100 Greatest Songs of the 90’s #62 GZA – Shadowboxin’

Released : 1995

Weed smoke, cable TV, Kung Fu..and chess. Some of the Wu-Tang Clan’s trappings were archetypal, but GZA’s second solo album Liquid Swords not only featured a gory chess related cover (Inked by one of America’s black pioneers in mainstream comics, Denys Cowan) but the deluxe version even came with a board and pieces. Whether it was mowing down other MC’s one-one-one or dominating blocks, for the Clan’s oldest member there were cold parrallels between the street game and the one Bobby Fischer once described as “A war over the board.”

The Clan’s rewiring of East Coast hip-hop on their debut Enter The Wu-Tang (36 Chambers) led to a subsequent glut of solo efforts by crew members, all produced by RZA, of which Liquid Swords was the episode over which arguably he had the most direct influence. This worked – the duo had originally started out together with fellow cousin Ol’ Dirty Bastard as Force of the Imperial Master – but GZA’s hectic growl and straight up delivery – Complex once described him as an “80s rapper at heart who just happened to blow up in the ’90s” – fused perfectly with the precision beats and Shaolin undertow.

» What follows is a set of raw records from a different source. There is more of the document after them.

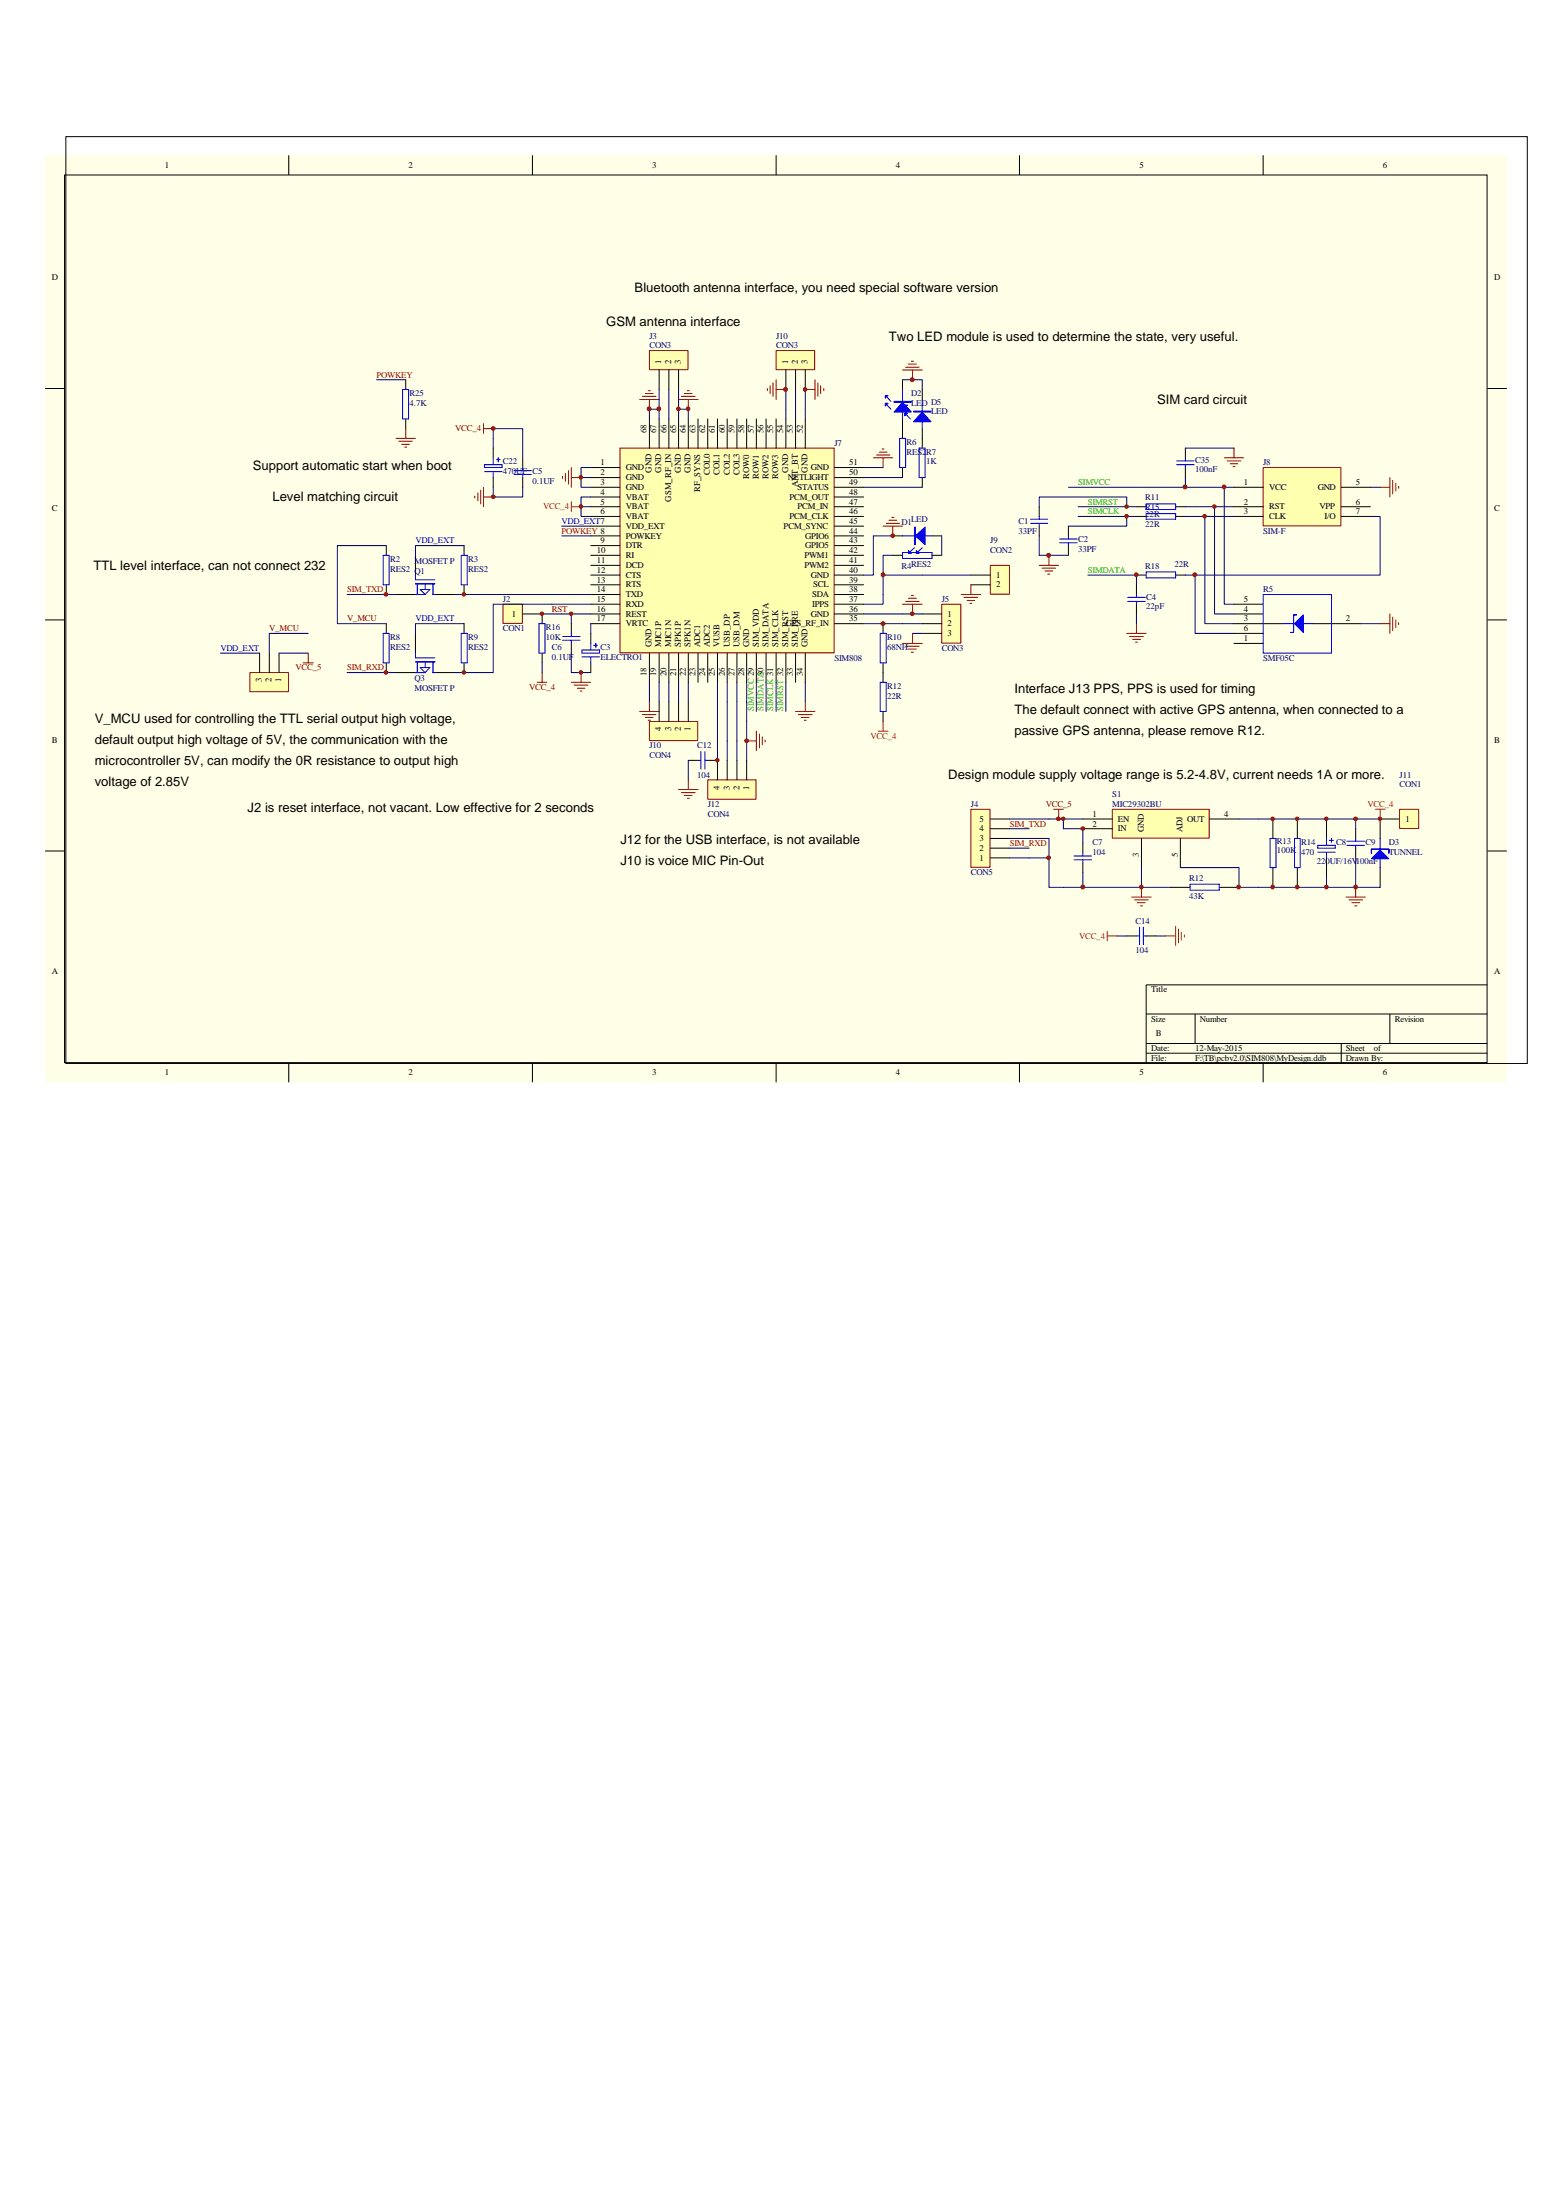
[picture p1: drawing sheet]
<svg xmlns="http://www.w3.org/2000/svg" width="210mm" height="297mm" viewBox="0 0 210 297" stroke-linecap="round" stroke-linejoin="round" font-family="sans-serif">
<path d="M6.1 21h197.3v125.1h-197.3z" fill="#ffffe8"/>
<g fill="none" stroke="#000" stroke-width=".13">
<path d="M8.9 18.4h197.3v125.2h-197.3zM8.7 23.6h192v119.9h-192zM39 21v2.6M71.9 21v2.6M104.8 21v2.6M137.6 21v2.6M170.5 21v2.6M6.1 52.5h2.6M200.8 52.5h2.6M6.1 83.7h2.6M200.8 83.7h2.6M6.1 114.9h2.6"/>
<path d="M200.8 114.9h2.6M154.7 136.9h46.1M161.3 136.9v4M187.6 136.9v4M200.8 133h-46.1v10.5M39 143.5v2.6M71.9 143.5v2.6M104.8 143.5v2.6M137.6 143.5v2.6M154.7 140.9h46.1M154.7 142.2h46.1M170.5 143.5v2.6"/>
<path d="M181 140.9v2.6"/>
</g>
<path d="M83.7 60.5h28.9v27.6h-28.9z" fill="#ffffb0"/>
<g fill="none" stroke="#800000" stroke-width=".13">
<path d="M53.5 59.2h2.6M53.8 59.6h1.9M54.2 60h1.1M54.8 57.9v1.3M65.3 57.2v1.3M65.3 57.9h1.3M121.8 50h2.7M122.2 49.6h1.9M122.6 49.2h1.1M123 48.8h.3M123.2 50v1.3M54.6 60.4h.3"/>
<path d="M64.1 67v.2M64.5 66.6v1M64.9 66.2v1.8M65.3 65.8v2.6M65.3 67.1h1.3M83.7 60.5h28.9v27.6h-28.9zM165.3 61.8h2.6M165.6 62.2h1.9M166.1 62.6h1M166.4 63h.3M166.6 60.5v1.3M186.3 65.8h1.3"/>
<path d="M187.6 64.5v2.6M188 64.9v1.8M188.4 65.2v1.1M188.8 65.7v.2M72.5 92.1h1.3M73.2 90.8v1.3M77.1 92.1h2.6M77.5 92.5h1.9M77.9 92.9h1M78.3 93.3h.3M78.4 90.8v1.3M121.8 86.9h2.7"/>
<path d="M121.8 81.6h2.7M122.2 87.3h1.9M122.2 81.2h1.9M122.6 87.6h1.1M122.6 80.8h1.1M123 88.1h.3M123 80.4h.3M123.2 81.6v1.3M123.2 85.5v1.4M152.1 85.5h2.6M152.5 85.9h1.8M152.9 86.3h1.1"/>
<path d="M153.3 86.7h.2M153.4 84.2v1.3M186.3 84.2h1.3M187.6 82.9v2.6M188 83.3v1.8M188.4 83.7v1.1M188.8 84.1v.2"/>
</g>
<g fill="none" stroke="#000" stroke-width=".13">
<path d="M54.8 51.3v1.3M54.8 56.6v1.3M87.7 56.6v3.9M89 56.6v3.9M90.3 56.6v3.9M91.6 56.6v3.9M92.9 56.6v3.9M94.2 56.6v3.9M95.5 56.6v3.9M96.8 56.6v3.9M98.2 56.6v3.9M99.5 56.6v3.9"/>
<path d="M100.8 56.6v3.9M102.1 56.6v3.9M103.4 56.6v3.9M104.8 56.6v3.9M106.1 56.6v3.9M107.4 56.6v3.9M108.7 56.6v3.9M124.5 52.6v1.3M124.5 57.9v2.6M66.6 60.5v1.3M66.6 64.5v1.3M70.6 61.8v1.3"/>
<path d="M70.6 64.5v1.3M79.7 63.1h4M79.7 64.5h4M79.7 65.8h4M79.7 67.1h4M79.7 68.4h4M79.7 69.7h4M79.7 71h4M79.7 72.4h4M79.7 73.7h4M79.7 75h4M79.7 76.3h4"/>
<path d="M79.7 77.6h4M79.7 79h4M112.6 63.1h4M112.6 64.5h4M112.6 65.8h4M112.6 67.1h4M112.6 68.4h4M112.6 69.7h4M112.6 71h4M112.6 72.4h4M112.6 73.7h4M112.6 75h4"/>
<path d="M112.6 76.3h4M112.6 77.6h4M112.6 79h4M124.5 64.5v1.3M153.4 68.4h1.3M153.4 69.7h1.3M153.4 77.6h1.3M153.4 79v1.3M158.7 68.4h1.3M158.7 69.7h1.3M158.7 77.6h1.3M160 60.5v1.3"/>
<path d="M160 63.1v1.4M73.2 82.9v1.3M73.2 88.2v1.3M77.1 84.2v1.3M77.1 86.9v1.3M79.7 80.3h4M79.7 81.6h4M79.7 82.9h4M79.7 84.2h4M87.7 88.2v3.9M89 88.2v3.9M90.3 88.2v3.9"/>
<path d="M91.6 88.2v3.9M92.9 88.2v3.9M94.2 88.2v3.9M95.5 88.2v3.9M96.8 88.2v3.9M98.2 88.2v3.9M99.5 88.2v3.9M100.8 88.2v3.9M102.1 88.2v3.9M103.4 88.2v3.9M104.8 88.2v3.9M106.1 88.2v3.9"/>
<path d="M107.4 88.2v3.9M108.7 88.2v3.9M112.6 80.3h4M112.6 81.6h4M112.6 82.9h4M112.6 84.2h4M153.4 81.6v1.3M166.6 81.6h3.9M166.6 82.9h3.9M166.6 84.2h6.5M166.6 86.9h3.9M166.6 85.5h3.9"/>
<path d="M177.1 84.2h6.6"/>
</g>
<g fill="none" stroke="#00f" stroke-width=".13">
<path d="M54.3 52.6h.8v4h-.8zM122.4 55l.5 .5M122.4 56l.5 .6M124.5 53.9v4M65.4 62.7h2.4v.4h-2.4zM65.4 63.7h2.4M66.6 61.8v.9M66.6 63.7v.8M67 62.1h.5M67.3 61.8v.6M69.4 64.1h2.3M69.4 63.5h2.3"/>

There were other instant classics on Swords (4th Chamber, Cold World, Living In The World Today), but Shadowboxin’, with it’s clipped lift from Ann Peebles ‘Trouble, Heartache and Sadness’ and a verse from Method Man, was where simplicity met ability. Eager, GZA opens with a battle-ready “f*ck that” and from then on there was hardly a breath spare, the lyrics an onslaught by a thinking man moving his rhyme pieces against you, the result inevitable. Clinical and cold, it revealed a truth which was obvious: pawns who came at the king knew they better not miss.